[[ Record excerpts, beginning ]]

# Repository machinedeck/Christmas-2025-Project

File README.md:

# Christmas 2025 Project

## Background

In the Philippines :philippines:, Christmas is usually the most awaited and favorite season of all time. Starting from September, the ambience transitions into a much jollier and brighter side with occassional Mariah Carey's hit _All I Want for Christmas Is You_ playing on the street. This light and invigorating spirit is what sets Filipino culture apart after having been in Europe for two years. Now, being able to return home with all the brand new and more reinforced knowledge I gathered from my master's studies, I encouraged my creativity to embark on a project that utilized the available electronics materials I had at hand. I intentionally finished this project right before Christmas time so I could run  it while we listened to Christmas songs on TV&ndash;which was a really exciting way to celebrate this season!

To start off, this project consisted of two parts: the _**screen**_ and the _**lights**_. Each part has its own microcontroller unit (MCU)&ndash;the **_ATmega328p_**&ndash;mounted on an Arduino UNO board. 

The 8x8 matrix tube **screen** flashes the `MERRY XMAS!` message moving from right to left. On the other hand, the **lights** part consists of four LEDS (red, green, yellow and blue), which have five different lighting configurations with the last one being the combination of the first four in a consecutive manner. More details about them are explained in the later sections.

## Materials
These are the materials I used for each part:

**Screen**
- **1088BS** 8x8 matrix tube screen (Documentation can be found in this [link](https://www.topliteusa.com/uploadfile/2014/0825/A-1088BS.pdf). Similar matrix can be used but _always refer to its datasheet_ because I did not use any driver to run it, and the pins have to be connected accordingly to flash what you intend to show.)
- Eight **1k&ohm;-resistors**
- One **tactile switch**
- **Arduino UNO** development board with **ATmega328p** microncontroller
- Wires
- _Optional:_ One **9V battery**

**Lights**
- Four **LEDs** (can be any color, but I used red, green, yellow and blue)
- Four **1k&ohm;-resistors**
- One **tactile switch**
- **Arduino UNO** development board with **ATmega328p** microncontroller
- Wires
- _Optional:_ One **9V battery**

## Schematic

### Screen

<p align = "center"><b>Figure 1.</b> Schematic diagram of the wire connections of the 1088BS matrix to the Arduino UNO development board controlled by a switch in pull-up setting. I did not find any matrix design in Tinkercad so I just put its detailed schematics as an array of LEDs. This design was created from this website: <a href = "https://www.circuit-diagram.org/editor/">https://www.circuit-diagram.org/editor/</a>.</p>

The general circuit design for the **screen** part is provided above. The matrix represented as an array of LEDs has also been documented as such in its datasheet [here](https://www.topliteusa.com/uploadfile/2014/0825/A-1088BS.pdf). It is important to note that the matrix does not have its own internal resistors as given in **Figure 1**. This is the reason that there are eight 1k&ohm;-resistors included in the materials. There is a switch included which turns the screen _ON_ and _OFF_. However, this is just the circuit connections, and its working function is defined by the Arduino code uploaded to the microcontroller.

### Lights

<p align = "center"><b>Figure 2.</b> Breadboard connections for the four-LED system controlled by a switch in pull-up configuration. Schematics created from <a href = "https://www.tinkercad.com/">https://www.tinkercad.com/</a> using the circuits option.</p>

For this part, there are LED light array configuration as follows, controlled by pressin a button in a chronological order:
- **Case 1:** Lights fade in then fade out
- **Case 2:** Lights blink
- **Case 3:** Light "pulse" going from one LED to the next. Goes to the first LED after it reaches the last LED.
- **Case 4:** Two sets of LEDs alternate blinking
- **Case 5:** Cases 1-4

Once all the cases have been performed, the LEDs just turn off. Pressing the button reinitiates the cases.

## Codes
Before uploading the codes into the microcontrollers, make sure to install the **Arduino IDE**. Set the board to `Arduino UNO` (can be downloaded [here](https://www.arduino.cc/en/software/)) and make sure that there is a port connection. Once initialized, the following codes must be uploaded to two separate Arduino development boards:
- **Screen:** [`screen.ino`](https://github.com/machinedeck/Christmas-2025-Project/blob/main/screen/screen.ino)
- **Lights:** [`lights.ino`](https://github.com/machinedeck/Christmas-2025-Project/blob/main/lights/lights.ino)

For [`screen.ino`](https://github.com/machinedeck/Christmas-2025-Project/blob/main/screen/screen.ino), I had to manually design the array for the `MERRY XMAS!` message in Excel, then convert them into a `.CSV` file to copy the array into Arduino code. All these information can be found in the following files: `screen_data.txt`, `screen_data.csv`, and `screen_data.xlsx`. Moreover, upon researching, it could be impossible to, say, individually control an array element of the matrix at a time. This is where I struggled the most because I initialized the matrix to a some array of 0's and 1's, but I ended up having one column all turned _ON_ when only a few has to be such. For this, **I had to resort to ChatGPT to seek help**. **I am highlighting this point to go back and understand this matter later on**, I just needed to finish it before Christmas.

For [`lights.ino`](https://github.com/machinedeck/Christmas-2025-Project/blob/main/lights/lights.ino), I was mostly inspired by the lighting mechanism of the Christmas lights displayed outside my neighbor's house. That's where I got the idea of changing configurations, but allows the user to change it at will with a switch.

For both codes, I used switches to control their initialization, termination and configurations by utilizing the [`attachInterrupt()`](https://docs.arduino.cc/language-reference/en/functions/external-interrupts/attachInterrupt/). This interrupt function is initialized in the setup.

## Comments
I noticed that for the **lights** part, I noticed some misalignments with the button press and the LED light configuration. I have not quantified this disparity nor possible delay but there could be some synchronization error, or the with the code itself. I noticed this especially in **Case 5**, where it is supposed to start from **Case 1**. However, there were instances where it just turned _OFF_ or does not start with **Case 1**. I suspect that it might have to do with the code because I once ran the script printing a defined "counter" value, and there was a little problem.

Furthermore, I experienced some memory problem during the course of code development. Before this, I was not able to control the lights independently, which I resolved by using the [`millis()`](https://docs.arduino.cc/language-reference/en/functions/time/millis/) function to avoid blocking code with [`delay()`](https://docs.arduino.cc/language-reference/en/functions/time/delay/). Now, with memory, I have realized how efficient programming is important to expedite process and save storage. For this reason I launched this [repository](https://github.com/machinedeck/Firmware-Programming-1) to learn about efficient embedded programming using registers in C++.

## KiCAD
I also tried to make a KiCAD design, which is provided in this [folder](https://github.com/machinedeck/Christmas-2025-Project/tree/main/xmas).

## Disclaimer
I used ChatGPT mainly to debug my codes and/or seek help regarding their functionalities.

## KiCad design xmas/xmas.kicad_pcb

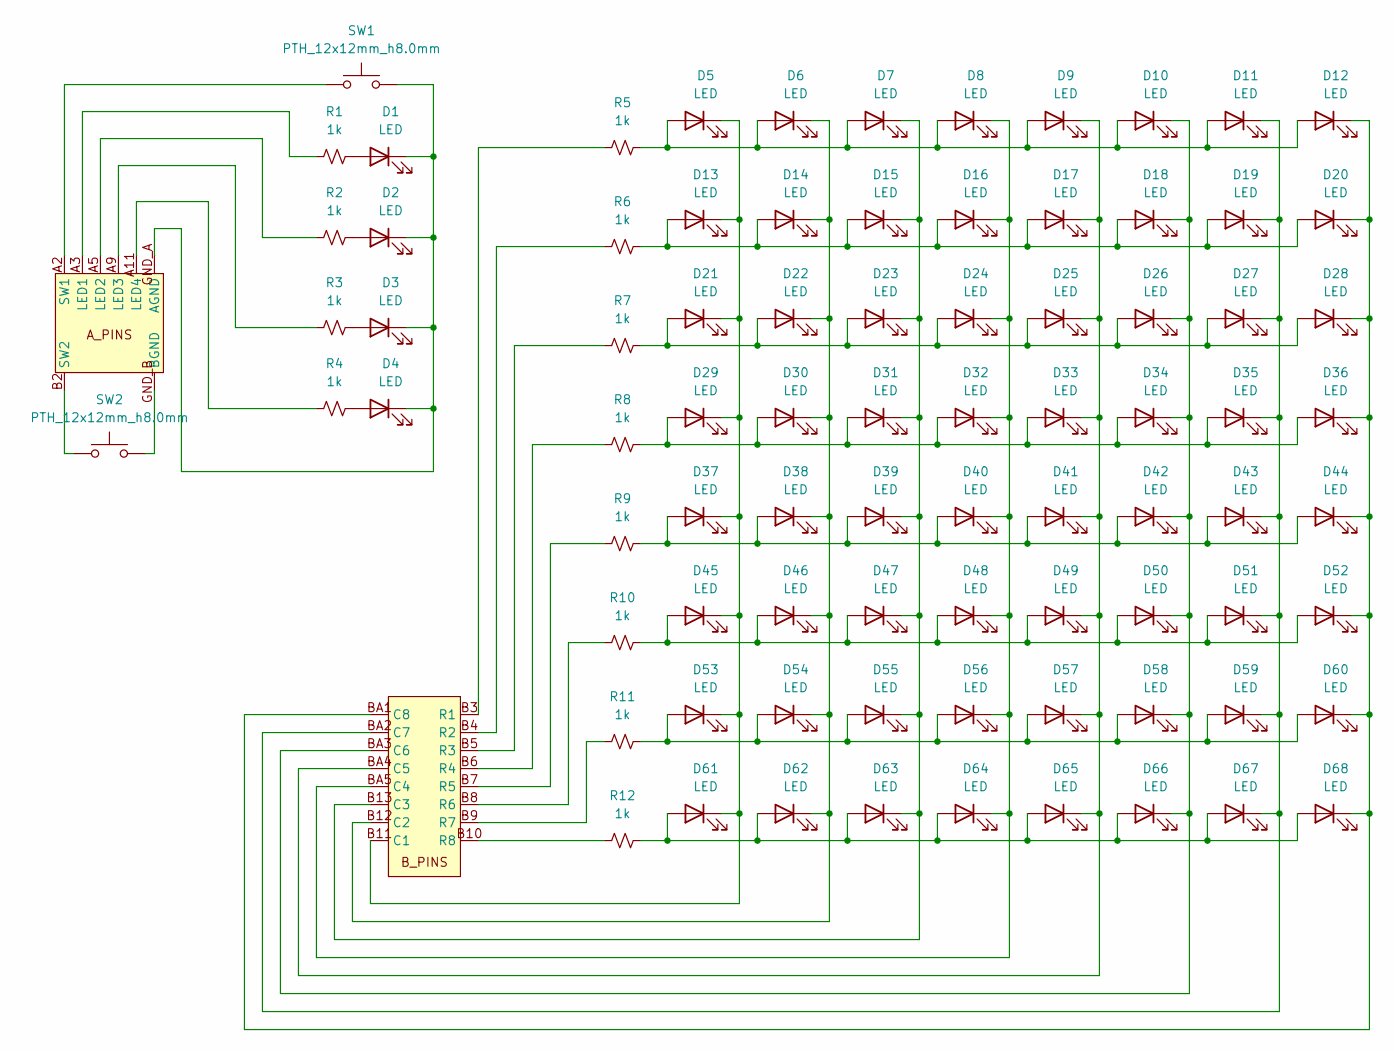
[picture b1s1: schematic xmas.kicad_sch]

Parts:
D1, D2, D3, D4: LED; LED_D3.0mm
D5, D6, D7, D8, D9, D10, D11, D12, D13, D14, D15, D16, D17, D18, D19, D20, D21, D22, D23, D24, D25, D26, D27, D28, D29, D30, D31, D32, D33, D34, D35, D36, D37, D38, D39, D40, D41, D42, D43, D44, D45, D46, D47, D48, D49, D50, D51, D52, D53, D54, D55, D56, D57, D58, D59, D60, D61, D62, D63, D64, D65, D66, D67, D68: LED; LED_D3.0mm_FlatTop
R1, R2, R3, R4, R5, R6, R7, R8, R9, R10, R11, R12: 1k; R_0402_1005Metric
SW1, SW2: PTH_12x12mm_h8.0mm; Push_PTH_12x12mm
U2: a_pins
U4: b_pins

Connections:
unnamed: D1.2 (A), R1.2
unnamed: D1.1 (K), D2.1 (K), D3.1 (K), D4.1 (K), SW1.2, U2.GND_A (AGND)
unnamed: D2.2 (A), R2.2
unnamed: D3.2 (A), R3.2
unnamed: D4.2 (A), R4.2
unnamed: D5.2 (A), D6.2 (A), D7.2 (A), D8.2 (A), D9.2 (A), D10.2 (A), D11.2 (A), D12.2 (A), R5.2
unnamed: D10.1 (K), D18.1 (K), D26.1 (K), D34.1 (K), D42.1 (K), D50.1 (K), D58.1 (K), D66.1 (K), U4.BA3 (C6)
unnamed: D11.1 (K), D19.1 (K), D27.1 (K), D35.1 (K), D43.1 (K), D51.1 (K), D59.1 (K), D67.1 (K), U4.BA2 (C7)
unnamed: D12.1 (K), D20.1 (K), D28.1 (K), D36.1 (K), D44.1 (K), D52.1 (K), D60.1 (K), D68.1 (K), U4.BA1 (C8)
unnamed: D13.2 (A), D14.2 (A), D15.2 (A), D16.2 (A), D17.2 (A), D18.2 (A), D19.2 (A), D20.2 (A), R6.2
unnamed: D5.1 (K), D13.1 (K), D21.1 (K), D29.1 (K), D37.1 (K), D45.1 (K), D53.1 (K), D61.1 (K), U4.B11 (C1)
unnamed: D6.1 (K), D14.1 (K), D22.1 (K), D30.1 (K), D38.1 (K), D46.1 (K), D54.1 (K), D62.1 (K), U4.B12 (C2)
unnamed: D7.1 (K), D15.1 (K), D23.1 (K), D31.1 (K), D39.1 (K), D47.1 (K), D55.1 (K), D63.1 (K), U4.B13 (C3)
unnamed: D8.1 (K), D16.1 (K), D24.1 (K), D32.1 (K), D40.1 (K), D48.1 (K), D56.1 (K), D64.1 (K), U4.BA5 (C4)
unnamed: D9.1 (K), D17.1 (K), D25.1 (K), D33.1 (K), D41.1 (K), D49.1 (K), D57.1 (K), D65.1 (K), U4.BA4 (C5)
unnamed: D21.2 (A), D22.2 (A), D23.2 (A), D24.2 (A), D25.2 (A), D26.2 (A), D27.2 (A), D28.2 (A), R7.2
unnamed: D29.2 (A), D30.2 (A), D31.2 (A), D32.2 (A), D33.2 (A), D34.2 (A), D35.2 (A), D36.2 (A), R8.2
unnamed: D37.2 (A), D38.2 (A), D39.2 (A), D40.2 (A), D41.2 (A), D42.2 (A), D43.2 (A), D44.2 (A), R9.2
unnamed: D45.2 (A), D46.2 (A), D47.2 (A), D48.2 (A), D49.2 (A), D50.2 (A), D51.2 (A), D52.2 (A), R10.2
unnamed: D53.2 (A), D54.2 (A), D55.2 (A), D56.2 (A), D57.2 (A), D58.2 (A), D59.2 (A), D60.2 (A), R11.2
unnamed: D61.2 (A), D62.2 (A), D63.2 (A), D64.2 (A), D65.2 (A), D66.2 (A), D67.2 (A), D68.2 (A), R12.2
unnamed: SW2.2, U2.GND_B (BGND)
unnamed: R1.1, U2.A3 (LED1)
unnamed: R2.1, U2.A5 (LED2)
unnamed: R3.1, U2.A9 (LED3)
unnamed: R4.1, U2.A11 (LED4)
unnamed: SW1.1, U2.A2 (SW1)
unnamed: SW2.1, U2.B2 (SW2)
unnamed: R5.1, U4.B3 (R1)
unnamed: R6.1, U4.B4 (R2)
unnamed: R7.1, U4.B5 (R3)
unnamed: R8.1, U4.B6 (R4)
unnamed: R9.1, U4.B7 (R5)
unnamed: R10.1, U4.B8 (R6)
unnamed: R11.1, U4.B9 (R7)
unnamed: R12.1, U4.B10 (R8)

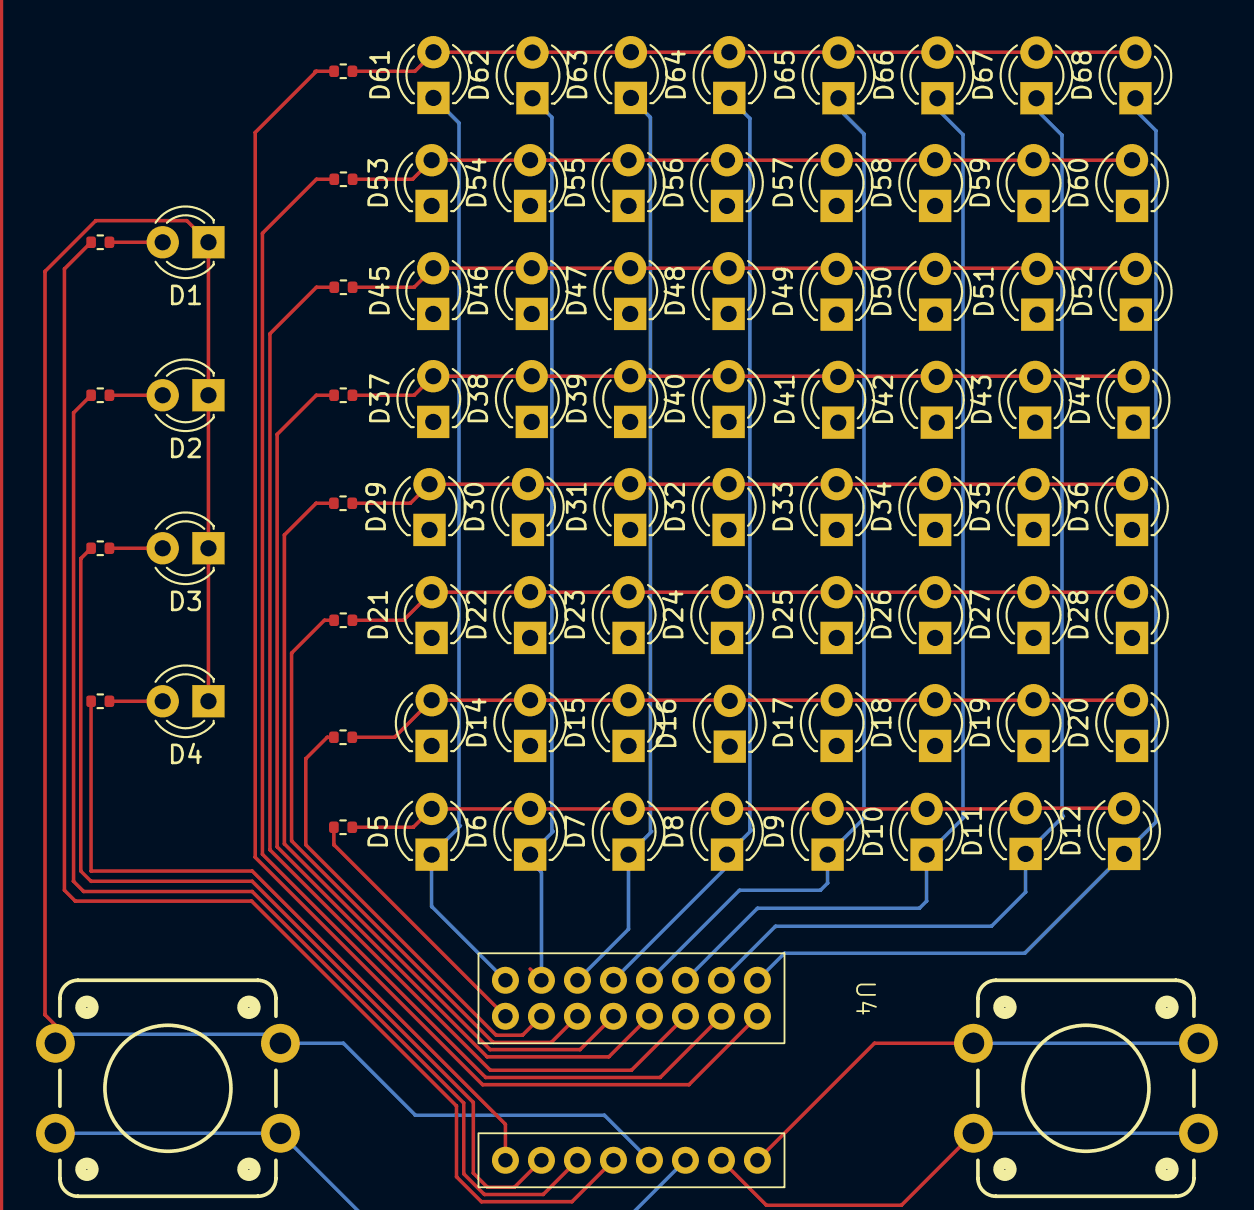
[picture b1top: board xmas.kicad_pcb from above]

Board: 2 copper layers, 84 parts (0 on the bottom side), 36 nets.

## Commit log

2025-12-27 Christmas project files
2025-12-27 images
2025-12-27 prototype
2025-12-27 Rename IMG20251227223522.jpg to main.jpg

[[ Record excerpts, end ]]

Task:
Would you transcribe, exactly and only, the lines from the one that contains "unnamed: SW1.1, U2.A2 (SW1)" through the last line of the data above, without any pictures?

Answer to the problem:
unnamed: SW1.1, U2.A2 (SW1)
unnamed: SW2.1, U2.B2 (SW2)
unnamed: R5.1, U4.B3 (R1)
unnamed: R6.1, U4.B4 (R2)
unnamed: R7.1, U4.B5 (R3)
unnamed: R8.1, U4.B6 (R4)
unnamed: R9.1, U4.B7 (R5)
unnamed: R10.1, U4.B8 (R6)
unnamed: R11.1, U4.B9 (R7)
unnamed: R12.1, U4.B10 (R8)

[picture b1top: board xmas.kicad_pcb from above]

Board: 2 copper layers, 84 parts (0 on the bottom side), 36 nets.

## Commit log

2025-12-27 Christmas project files
2025-12-27 images
2025-12-27 prototype
2025-12-27 Rename IMG20251227223522.jpg to main.jpg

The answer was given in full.